Ghirardi: "Poder reducir la tasa de homicidios en la ciudad de Santa Fe", es uno de los deseos de Ghirardi.
En una entrevista, el secretario de Seguridad provincial hizo un repaso de sus aspiraciones al ocupar ese cargo en el gobierno de Binner. Realizó un análisis del crimen en la provincia y de la labor de las fuerzas para contenerlo. No descartó la posibilidad de crear una policía municipal.

Horacio Ghirardi tenía 17 años cuando llegó a Rosario desde Cañada de Gómez a estudiar Ciencia Política. Fue militante estudiantil histórico del socialismo en la UNR y al egresar trabajó con Hermes Binner y Miguel Lifschitz en cargos ejecutivos del municipio. Ahora, a los 45 y en funciones como secretario de Seguridad provincial, sentado en lo que en cualquier gestión es un sillón de fakir, define sus aspiraciones. "Disminuir los niveles de violencia urbana en las grandes ciudades: poder reducir la tasa de homicidios en la ciudad de Santa Fe, que es un caso bastante excepcional, y lo mismo en el departamento Rosario. Y también contener el delito menor que implica que el vecino salga a la calle con temor a que le suceda algo. Me iría conforme de este rol habiendo bajado esas inquietudes".

-Durante 15 años usted cumplió funciones de gobierno en Rosario. ¿Qué idea se formó en ese tiempo sobre los problemas de seguridad en una ciudad como ésta?

-En una gran ciudad como esta se combinan problemas de la trama urbana -con bolsones de exclusión y carencia de infraestructura- con tráfico de drogas. En franjas de la zona sur, noreste y oeste tenemos complicaciones serias por la reiteración de una serie de delitos y violencia urbana: se mezclan el uso de armas de fuego con comercialización de drogas. En el área central de la ciudad hay problemas de delito menor -que es grande para quien le sucede- como son los arrebatos: carteras, celulares, mochilas y violencia contra vehículos. Y nos preocupa en el espacio urbano el delito vinculado a las hinchadas de fútbol.

-¿Qué acciones van a impulsar contra esos fenómenos?

-El tipo clásico de intervención policial en algunos casos no está dando resultados: lo que pensamos en el gobierno y con los jefes policiales es un accionar común con las áreas de poder de policía municipal. Ejemplo: controlar todo lo vinculado con economías delictivas como puede ser robo de motos, venta de autopartes, o el negocio ilícito de celulares. Controlar los mercados donde se ofrece lo robado influye directamente sobre el nivel de delito. Queremos hacer intervenciones regulares con los municipios: sistematizar operativos semanales y sostenerlos en el tiempo con una asignación de recursos lógica.

-¿Hay estructura para implementar esos controles?

-Creo que sí. No para operar en 35 líneas de acción diferentes a la vez, pero sí en cuatro o cinco. El Ministerio y las áreas municipales están trabajando en conjunto. Hay un gran mercado ilegal de motocicletas y hay falta de documentación. Y en muchos casos las motos son herramientas para delinquir. Nuestro control se cruza con el interés de muchos municipios de reforzar la seguridad en el tránsito. La venta de autopartes debe ser regulada por la inspección municipal, pero a nosotros nos interesa la venta en regla porque muchas partes proceden de vehículos robados. Lo mismo el mercado de celulares truchos o la venta ilegal de películas o indumentaria falsificada que a veces son las máscaras de negocios ilícitos mayores.

-¿Hay algo de lo que advertía como mayor emergencia de seguridad en Rosario que sea común a otros municipios?

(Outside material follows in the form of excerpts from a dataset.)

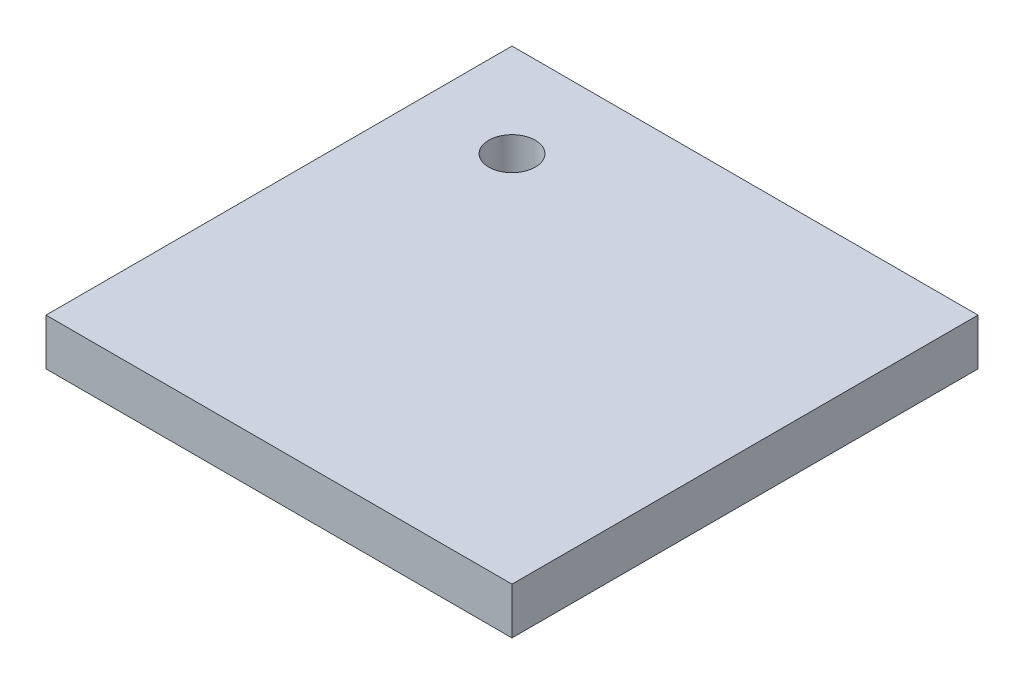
from build123d import *

# Parameters (mm, degrees)
SKETCH1_W                 = 100
SKETCH1_H                 = 100
EXTRUDE1_DEPTH            = 10
F_10_DIAMETER_HOLE1_D     = 10
F_10_DIAMETER_HOLE1_DEPTH = 10
F_10_DIAMETER_HOLE1_TIP   = 3.004303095


with BuildPart() as part:
    # Sketch1 → Extrude1 (new body)
    with BuildSketch(Plane(origin=(0, 0, 0), x_dir=(1, 0, 0), z_dir=(0, 1, 0))):
        with Locations((50, 50)):
            Rectangle(SKETCH1_W, SKETCH1_H)
    extrude(amount=EXTRUDE1_DEPTH)

    # 10_ Diameter Hole1
    with Locations(Plane(origin=(20, 10, -80), x_dir=(0, 0, 1), z_dir=(0, 1, 0))):
        with Locations((0, 0)):
            Hole(F_10_DIAMETER_HOLE1_D / 2, depth=F_10_DIAMETER_HOLE1_DEPTH)
            with Locations((0, 0, -(F_10_DIAMETER_HOLE1_DEPTH + F_10_DIAMETER_HOLE1_TIP / 2))):  # 118° drill point
                Cone(0, F_10_DIAMETER_HOLE1_D / 2, F_10_DIAMETER_HOLE1_TIP, mode=Mode.SUBTRACT)


solid = part.part

-La cuestión del comercio de estupefacientes en las últimas décadas es el gran tema a atacar. En una época era un asunto más propio de las clases medias altas. Hoy no sólo el consumo se ha metido en los barrios sino que la droga es un modo de sobrevivencia económica allí. Eso es un factor de violencia y disgregación y aquí hay una prioridad en la acción de gobierno. Pero eso no implica que no nos ocuparemos del arrebato en la vía pública, del escruche de domicilios particulares, de la angustia que nos produce pasar por distintos espacios públicos y que nos hace organizarnos otros circuitos en base al miedo para esquivarlos.

-¿Cómo evalúa la criminalidad en términos de violencia física, que es una gran preocupación ciudadana?

-Mi mayor preocupación es disminuir la tasa de homicidios dolosos (intencionales). Eso va asociado a avanzar en el desarme de la sociedad santafesina. Casi el 70 % de estos homicidios tienen que ver con hechos interpersonales de violencia - doméstica, vecinal, ajustes de cuentas, casos pasionales- y por eso notamos lo imperioso de retirar la mayor cantidad de armas de la sociedad. La idea de armarnos para protegernos termina fatalmente en esto: incremento de homicidios dolosos.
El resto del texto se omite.